• **MATERIAL PROVIDED**:
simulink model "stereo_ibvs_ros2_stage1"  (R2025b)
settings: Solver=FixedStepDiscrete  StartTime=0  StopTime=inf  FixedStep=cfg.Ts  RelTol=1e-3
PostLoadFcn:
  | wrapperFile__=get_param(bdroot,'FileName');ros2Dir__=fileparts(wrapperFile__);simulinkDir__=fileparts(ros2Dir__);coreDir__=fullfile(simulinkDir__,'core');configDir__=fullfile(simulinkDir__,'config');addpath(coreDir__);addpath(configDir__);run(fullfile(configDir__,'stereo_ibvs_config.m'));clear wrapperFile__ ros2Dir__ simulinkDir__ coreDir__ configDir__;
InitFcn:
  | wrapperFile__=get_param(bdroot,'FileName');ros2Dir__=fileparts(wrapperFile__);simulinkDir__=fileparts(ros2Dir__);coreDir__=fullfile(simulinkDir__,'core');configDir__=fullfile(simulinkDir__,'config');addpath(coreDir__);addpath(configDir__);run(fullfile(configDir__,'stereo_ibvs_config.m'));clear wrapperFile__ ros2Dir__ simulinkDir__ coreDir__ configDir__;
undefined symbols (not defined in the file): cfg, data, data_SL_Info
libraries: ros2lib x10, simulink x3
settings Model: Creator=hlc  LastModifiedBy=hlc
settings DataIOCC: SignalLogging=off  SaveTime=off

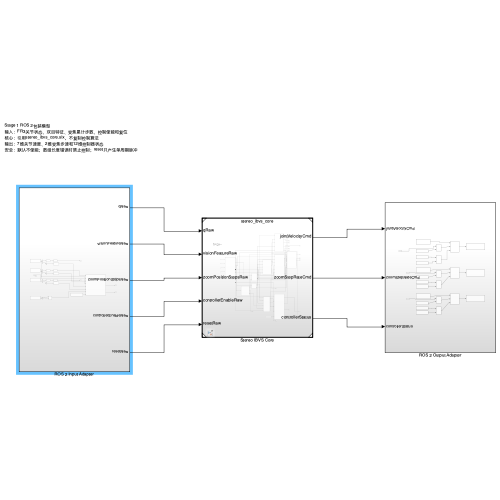
[thumbnail: Simulink's stored preview of the top-level diagram]
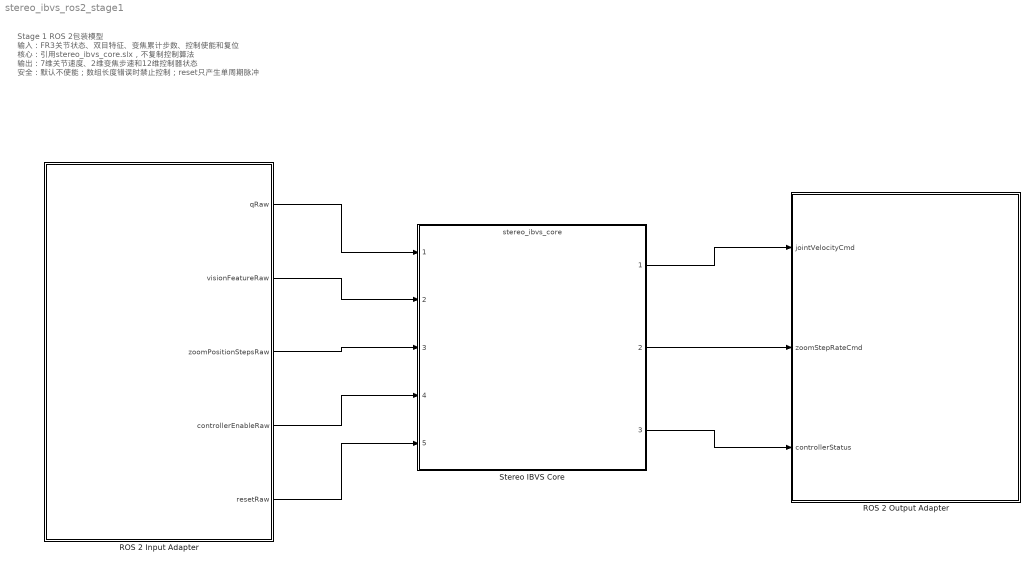
== system stereo_ibvs_ros2_stage1 ==
  note: Stage 1 ROS 2包装模型
      | 输入：FR3关节状态、双目特征、变焦累计步数、控制使能和复位
      | 核心：引用stereo_ibvs_core.slx，不复制控制算法
      | 输出：7维关节速度、2维变焦步速和12维控制器状态
      | 安全：默认不使能；数组长度错误时禁止控制；reset只产生单周期脉冲
  ROS 2 Input Adapter : Subsystem
  ROS 2 Output Adapter : Subsystem
  Stereo IBVS Core : ModelReference  ModelNameDialog=stereo_ibvs_core  SimulationMode=Normal  ModelReferenceVersion=1.49
  wires:
  ROS 2 Input Adapter/1(qRaw) -> Stereo IBVS Core/1
  ROS 2 Input Adapter/2(visionFeatureRaw) -> Stereo IBVS Core/2
  ROS 2 Input Adapter/3(zoomPositionStepsRaw) -> Stereo IBVS Core/3
  ROS 2 Input Adapter/4(controllerEnableRaw) -> Stereo IBVS Core/4
  ROS 2 Input Adapter/5(resetRaw) -> Stereo IBVS Core/5
  Stereo IBVS Core/1 -> ROS 2 Output Adapter/1(jointVelocityCmd)
  Stereo IBVS Core/2 -> ROS 2 Output Adapter/2(zoomStepRateCmd)
  Stereo IBVS Core/3 -> ROS 2 Output Adapter/3(controllerStatus)

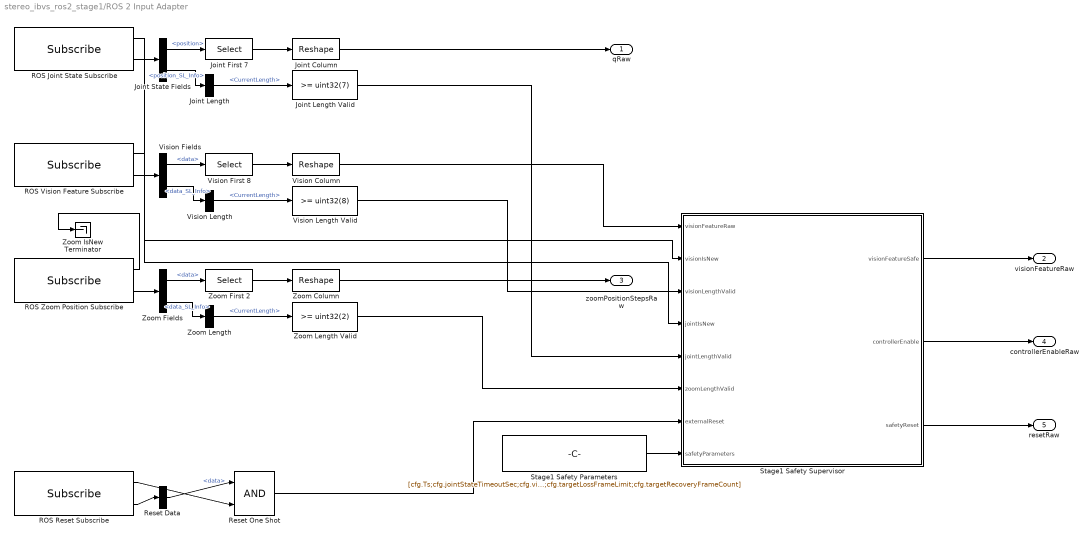
== system stereo_ibvs_ros2_stage1/ROS 2 Input Adapter ==
  Joint Column : Reshape  OutputDimensionality=Customize  OutputDimensions=[7 1]
  Joint First 7 : Selector  InputPortWidth=128  IndexOptions=Index vector (dialog)  Indices=1:7  OutputSizes=1
  Joint Length : BusSelector  OutputSignals=CurrentLength
  Joint Length Valid : simulink/Logic and Bit Operations/Compare To Constant  relop=>=  const=uint32(7)  OutDataTypeStr=boolean
  Joint State Fields : BusSelector  OutputSignals=position,position_SL_Info
  ROS Joint State Subscribe : ros2lib/Subscribe  topicSource=Specify your own  topic=/franka/joint_states  messageType=sensor_msgs/JointState  sampleTime=cfg.Ts  QOSHistory=Keep last  QOSDepth=10  QOSReliability=Reliable  QOSDurability=Volatile  QOSDeadline=Inf  QOSLifespan=Inf  QOSLiveliness=Automatic  QOSLeaseDuration=Inf  QOSAvoidROSNamespaceConventions=off
  ROS Reset Subscribe : ros2lib/Subscribe  topicSource=Specify your own  topic=/simulink/reset  messageType=std_msgs/Bool  sampleTime=cfg.Ts  QOSHistory=Keep last  QOSDepth=10  QOSReliability=Reliable  QOSDurability=Volatile  QOSDeadline=Inf  QOSLifespan=Inf  QOSLiveliness=Automatic  QOSLeaseDuration=Inf  QOSAvoidROSNamespaceConventions=off
  ROS Vision Feature Subscribe : ros2lib/Subscribe  topicSource=Specify your own  topic=/vision_double/target_features  messageType=std_msgs/Float64MultiArray  sampleTime=cfg.Ts  QOSHistory=Keep last  QOSDepth=10  QOSReliability=Reliable  QOSDurability=Volatile  QOSDeadline=Inf  QOSLifespan=Inf  QOSLiveliness=Automatic  QOSLeaseDuration=Inf  QOSAvoidROSNamespaceConventions=off
  ROS Zoom Position Subscribe : ros2lib/Subscribe  topicSource=Specify your own  topic=/vision_double/zoom_position_steps  messageType=std_msgs/Float64MultiArray  sampleTime=cfg.Ts  QOSHistory=Keep last  QOSDepth=10  QOSReliability=Reliable  QOSDurability=Volatile  QOSDeadline=Inf  QOSLifespan=Inf  QOSLiveliness=Automatic  QOSLeaseDuration=Inf  QOSAvoidROSNamespaceConventions=off
  Reset Data : BusSelector  OutputSignals=data
  Reset One Shot : Logic  AllPortsSameDT=off  OutDataTypeStr=boolean
  Stage1 Safety Parameters : Constant  Value=[cfg.Ts;cfg.jointStateTimeoutSec;cfg.visionTimeoutSec;cfg.targetLossFrameLimit;cfg.targetRecoveryFrameCount]  VectorParams1D=off  OutDataTypeStr=double  SampleTime=cfg.Ts
  Stage1 Safety Supervisor : MATLAB Function  TreatAsAtomicUnit=on
      settings: AttributesFormatString=左相机validL：连续3帧丢失后停机\nJoint/Vision：0.10 s freshness\n恢复：连续3帧有效
  Vision Column : Reshape  OutputDimensionality=Customize  OutputDimensions=[8 1]
  Vision Fields : BusSelector  OutputSignals=data,data_SL_Info
  Vision First 8 : Selector  InputPortWidth=128  IndexOptions=Index vector (dialog)  Indices=1:8  OutputSizes=1
  Vision Length : BusSelector  OutputSignals=CurrentLength
  Vision Length Valid : simulink/Logic and Bit Operations/Compare To Constant  relop=>=  const=uint32(8)  OutDataTypeStr=boolean
  Zoom Column : Reshape  OutputDimensionality=Customize  OutputDimensions=[2 1]
  Zoom Fields : BusSelector  OutputSignals=data,data_SL_Info
  Zoom First 2 : Selector  InputPortWidth=128  IndexOptions=Index vector (dialog)  Indices=1:2  OutputSizes=1
  Zoom IsNew Terminator : Terminator
  Zoom Length : BusSelector  OutputSignals=CurrentLength
  Zoom Length Valid : simulink/Logic and Bit Operations/Compare To Constant  relop=>=  const=uint32(2)  OutDataTypeStr=boolean
  qRaw : Outport  PortDimensions=[7 1]
  visionFeatureRaw : Outport  Port=2  PortDimensions=[8 1]
  zoomPositionStepsRaw : Outport  Port=3  PortDimensions=[2 1]
  controllerEnableRaw : Outport  Port=4  PortDimensions=1
  resetRaw : Outport  Port=5  PortDimensions=1
  wires:
  ROS Joint State Subscribe/2 -> Joint State Fields/1
  ROS Joint State Subscribe/1 -> Stage1 Safety Supervisor/4(jointIsNew)
  Joint State Fields/1 -> Joint First 7/1  "<position>"
  Joint First 7/1 -> Joint Column/1
  Joint Column/1 -> qRaw/1
  Joint State Fields/2 -> Joint Length/1  "<position_SL_Info>"
  Joint Length/1 -> Joint Length Valid/1  "<CurrentLength>"
  ROS Vision Feature Subscribe/2 -> Vision Fields/1
  ROS Vision Feature Subscribe/1 -> Stage1 Safety Supervisor/2(visionIsNew)
  Vision Fields/1 -> Vision First 8/1  "<data>"
  Vision First 8/1 -> Vision Column/1
  Vision Fields/2 -> Vision Length/1  "<data_SL_Info>"
  Vision Length/1 -> Vision Length Valid/1  "<CurrentLength>"
  ROS Zoom Position Subscribe/2 -> Zoom Fields/1
  ROS Zoom Position Subscribe/1 -> Zoom IsNew Terminator/1
  Zoom Fields/1 -> Zoom First 2/1  "<data>"
  Zoom First 2/1 -> Zoom Column/1
  Zoom Column/1 -> zoomPositionStepsRaw/1
  Zoom Fields/2 -> Zoom Length/1  "<data_SL_Info>"
  Zoom Length/1 -> Zoom Length Valid/1  "<CurrentLength>"
  Joint Length Valid/1 -> Stage1 Safety Supervisor/5(jointLengthValid)
  Vision Length Valid/1 -> Stage1 Safety Supervisor/3(visionLengthValid)
  Zoom Length Valid/1 -> Stage1 Safety Supervisor/6(zoomLengthValid)
  ROS Reset Subscribe/2 -> Reset Data/1
  Reset Data/1 -> Reset One Shot/1  "<data>"
  ROS Reset Subscribe/1 -> Reset One Shot/2
  Reset One Shot/1 -> Stage1 Safety Supervisor/7(externalReset)
  Vision Column/1 -> Stage1 Safety Supervisor/1(visionFeatureRaw)
  Stage1 Safety Parameters/1 -> Stage1 Safety Supervisor/8(safetyParameters)
  Stage1 Safety Supervisor/1(visionFeatureSafe) -> visionFeatureRaw/1
  Stage1 Safety Supervisor/2(controllerEnable) -> controllerEnableRaw/1
  Stage1 Safety Supervisor/3(safetyReset) -> resetRaw/1

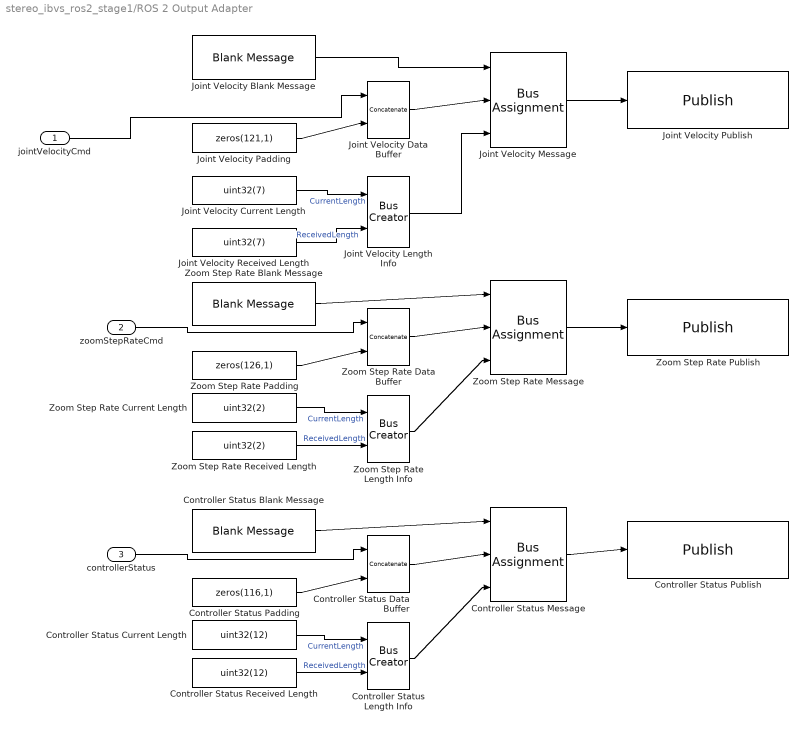
== system stereo_ibvs_ros2_stage1/ROS 2 Output Adapter ==
  jointVelocityCmd : Inport  PortDimensions=[7 1]
  zoomStepRateCmd : Inport  Port=2  PortDimensions=[2 1]
  controllerStatus : Inport  Port=3  PortDimensions=[12 1]
  Controller Status Blank Message : ros2lib/Blank Message  messageClass=Message  entityType=std_msgs/Float64MultiArray  messageType=std_msgs/Float64MultiArray  SampleTime=cfg.Ts
      link override Constant: OutDataTypeStr=Bus: SL_Bus_std_msgs_Float64MultiArray
  Controller Status Current Length : Constant  Value=uint32(12)
  Controller Status Data Buffer : Concatenate
  Controller Status Length Info : BusCreator  Inputs=2  OutDataTypeStr=Bus: SL_Bus_ROSVariableLengthArrayInfo
  Controller Status Message : BusAssignment  AssignedSignals=data,data_SL_Info
  Controller Status Padding : Constant  Value=zeros(116,1)
  Controller Status Publish : ros2lib/Publish  topicSource=Specify your own  topic=/simulink/controller_status  messageType=std_msgs/Float64MultiArray  QOSHistory=Keep last  QOSDepth=10  QOSReliability=Reliable  QOSDurability=Volatile  QOSDeadline=Inf  QOSLifespan=Inf  QOSLiveliness=Automatic  QOSLeaseDuration=Inf  QOSAvoidROSNamespaceConventions=off
  Controller Status Received Length : Constant  Value=uint32(12)
  Joint Velocity Blank Message : ros2lib/Blank Message  messageClass=Message  entityType=std_msgs/Float64MultiArray  messageType=std_msgs/Float64MultiArray  SampleTime=cfg.Ts
      link override Constant: OutDataTypeStr=Bus: SL_Bus_std_msgs_Float64MultiArray
  Joint Velocity Current Length : Constant  Value=uint32(7)
  Joint Velocity Data Buffer : Concatenate
  Joint Velocity Length Info : BusCreator  Inputs=2  OutDataTypeStr=Bus: SL_Bus_ROSVariableLengthArrayInfo
  Joint Velocity Message : BusAssignment  AssignedSignals=data,data_SL_Info
  Joint Velocity Padding : Constant  Value=zeros(121,1)
  Joint Velocity Publish : ros2lib/Publish  topicSource=Specify your own  topic=/simulink/target_joints_velocities  messageType=std_msgs/Float64MultiArray  QOSHistory=Keep last  QOSDepth=10  QOSReliability=Reliable  QOSDurability=Volatile  QOSDeadline=Inf  QOSLifespan=Inf  QOSLiveliness=Automatic  QOSLeaseDuration=Inf  QOSAvoidROSNamespaceConventions=off
  Joint Velocity Received Length : Constant  Value=uint32(7)
  Zoom Step Rate Blank Message : ros2lib/Blank Message  messageClass=Message  entityType=std_msgs/Float64MultiArray  messageType=std_msgs/Float64MultiArray  SampleTime=cfg.Ts
      link override Constant: OutDataTypeStr=Bus: SL_Bus_std_msgs_Float64MultiArray
  Zoom Step Rate Current Length : Constant  Value=uint32(2)
  Zoom Step Rate Data Buffer : Concatenate
  Zoom Step Rate Length Info : BusCreator  Inputs=2  OutDataTypeStr=Bus: SL_Bus_ROSVariableLengthArrayInfo
  Zoom Step Rate Message : BusAssignment  AssignedSignals=data,data_SL_Info
  Zoom Step Rate Padding : Constant  Value=zeros(126,1)
  Zoom Step Rate Publish : ros2lib/Publish  topicSource=Specify your own  topic=/simulink/zoom_step_rate_cmd  messageType=std_msgs/Float64MultiArray  QOSHistory=Keep last  QOSDepth=10  QOSReliability=Reliable  QOSDurability=Volatile  QOSDeadline=Inf  QOSLifespan=Inf  QOSLiveliness=Automatic  QOSLeaseDuration=Inf  QOSAvoidROSNamespaceConventions=off
  Zoom Step Rate Received Length : Constant  Value=uint32(2)
  wires:
  Joint Velocity Blank Message/1 -> Joint Velocity Message/1
  jointVelocityCmd/1 -> Joint Velocity Data Buffer/1
  Joint Velocity Padding/1 -> Joint Velocity Data Buffer/2
  Joint Velocity Data Buffer/1 -> Joint Velocity Message/2
  Joint Velocity Received Length/1 -> Joint Velocity Length Info/2  "ReceivedLength"
  Joint Velocity Length Info/1 -> Joint Velocity Message/3
  Joint Velocity Message/1 -> Joint Velocity Publish/1
  Zoom Step Rate Blank Message/1 -> Zoom Step Rate Message/1
  zoomStepRateCmd/1 -> Zoom Step Rate Data Buffer/1
  Zoom Step Rate Padding/1 -> Zoom Step Rate Data Buffer/2
  Zoom Step Rate Data Buffer/1 -> Zoom Step Rate Message/2
  Zoom Step Rate Current Length/1 -> Zoom Step Rate Length Info/1  "CurrentLength"
  Zoom Step Rate Received Length/1 -> Zoom Step Rate Length Info/2  "ReceivedLength"
  Zoom Step Rate Length Info/1 -> Zoom Step Rate Message/3
  Zoom Step Rate Message/1 -> Zoom Step Rate Publish/1
  Controller Status Blank Message/1 -> Controller Status Message/1
  controllerStatus/1 -> Controller Status Data Buffer/1
  Controller Status Padding/1 -> Controller Status Data Buffer/2
  Controller Status Data Buffer/1 -> Controller Status Message/2
  Controller Status Current Length/1 -> Controller Status Length Info/1  "CurrentLength"
  Controller Status Received Length/1 -> Controller Status Length Info/2  "ReceivedLength"
  Controller Status Length Info/1 -> Controller Status Message/3
  Controller Status Message/1 -> Controller Status Publish/1
  Joint Velocity Current Length/1 -> Joint Velocity Length Info/1  "CurrentLength"

== matlab function stereo_ibvs_ros2_stage1/ROS 2 Input Adapter/Stage1 Safety Supervisor ==
  data: visionFeatureRaw input; visionFeatureSafe output; visionIsNew input; visionLengthValid input; jointIsNew input; jointLengthValid input; zoomLengthValid input; externalReset input; safetyParameters input; controllerEnable output; safetyReset output
function [visionFeatureSafe, controllerEnable, safetyReset] = stage1SafetySupervisor(visionFeatureRaw, visionIsNew, visionLengthValid, jointIsNew, jointLengthValid, zoomLengthValid, externalReset, safetyParameters)
% 主要作用：监控JointState与视觉消息新鲜度，以左相机validL执行三帧丢失容错，并自动生成控制器使能和故障复位脉冲。
% 输入：8维视觉特征、ROS IsNew/长度状态、外部复位和5维安全参数。
% 输出：保持后的8维视觉特征、自动使能和单周期安全复位。

persistent jointAgeSec visionAgeSec jointSeen visionSeen
persistent lossCount recoveryCount enabledState
persistent heldVision heldVisionValid

sampleTime = safetyParameters(1);
jointTimeoutSec = safetyParameters(2);
visionTimeoutSec = safetyParameters(3);
lossFrameLimit = safetyParameters(4);
recoveryFrameLimit = safetyParameters(5);

if isempty(jointAgeSec)
    jointAgeSec = jointTimeoutSec + sampleTime;
    visionAgeSec = visionTimeoutSec + sampleTime;
    jointSeen = false;
    visionSeen = false;
    lossCount = 0.0;
    recoveryCount = 0.0;
    enabledState = false;
    heldVision = zeros(8,1);
    heldVisionValid = false;
end

safetyReset = 0.0;

% 人工复位同时清除安全监督器保存的上一帧和恢复计数。
if externalReset
    jointAgeSec = jointTimeoutSec + sampleTime;
    visionAgeSec = visionTimeoutSec + sampleTime;
    jointSeen = false;
    visionSeen = false;
    lossCount = 0.0;
    recoveryCount = 0.0;
    enabledState = false;
    heldVision = zeros(8,1);
    heldVisionValid = false;
    visionFeatureSafe = heldVision;
    controllerEnable = 0.0;
    safetyReset = 1.0;
    return;
end

% JointState新鲜度计时。
if jointIsNew
    jointAgeSec = 0.0;
    jointSeen = true;
else
    jointAgeSec = min(jointAgeSec + sampleTime, jointTimeoutSec + sampleTime);
end

% 视觉消息新鲜度、左相机目标丢失和合法视觉保持。
if visionIsNew
    visionAgeSec = 0.0;
    visionSeen = true;

    featureFinite = true;
    for featureIndex = 1:8
        featureFinite = featureFinite && isfinite(visionFeatureRaw(featureIndex));
    end

    leftTargetValid = visionLengthValid && featureFinite && visionFeatureRaw(1) > 0.5;

    if leftTargetValid
        heldVision = visionFeatureRaw;
        heldVisionValid = true;
        lossCount = 0.0;

        if ~enabledState
            recoveryCount = min(recoveryCount + 1.0, recoveryFrameLimit);
        end
    else
        recoveryCount = 0.0;
        lossCount = min(lossCount + 1.0, lossFrameLimit);
    end
else
    visionAgeSec = min(visionAgeSec + sampleTime, visionTimeoutSec + sampleTime);
end

jointFresh = jointSeen && jointLengthValid && jointAgeSec <= jointTimeoutSec;
visionFresh = visionSeen && visionAgeSec <= visionTimeoutSec;
zoomInputValid = zoomLengthValid;
allInputsHealthy = jointFresh && visionFresh && zoomInputValid && heldVisionValid;

previousEnabled = enabledState;

if enabledState
    if ~allInputsHealthy || lossCount >= lossFrameLimit
        enabledState = false;
        recoveryCount = 0.0;
    end
else
    if ~allInputsHealthy
        recoveryCount = 0.0;
    elseif recoveryCount >= recoveryFrameLimit
        enabledState = true;
        lossCount = 0.0;
    end
end

% 从允许运动切换到停止时，只产生一个采样周期的复位脉冲。
safetyReset = double(previousEnabled && ~enabledState);

if heldVisionValid
    visionFeatureSafe = heldVision;
else
    visionFeatureSafe = zeros(8,1);
end

controllerEnable = double(enabledState);
end

• **ACTIVITY**: Would you please copy, word for word, everything above from the line containing "Zoom Step Rate Current Length : Constant" down to the line containing "Zoom Step Rate Message : BusAssignment", those two lines included?

• **SOLUTION BELOW**:
  Zoom Step Rate Current Length : Constant  Value=uint32(2)
  Zoom Step Rate Data Buffer : Concatenate
  Zoom Step Rate Length Info : BusCreator  Inputs=2  OutDataTypeStr=Bus: SL_Bus_ROSVariableLengthArrayInfo
  Zoom Step Rate Message : BusAssignment  AssignedSignals=data,data_SL_Info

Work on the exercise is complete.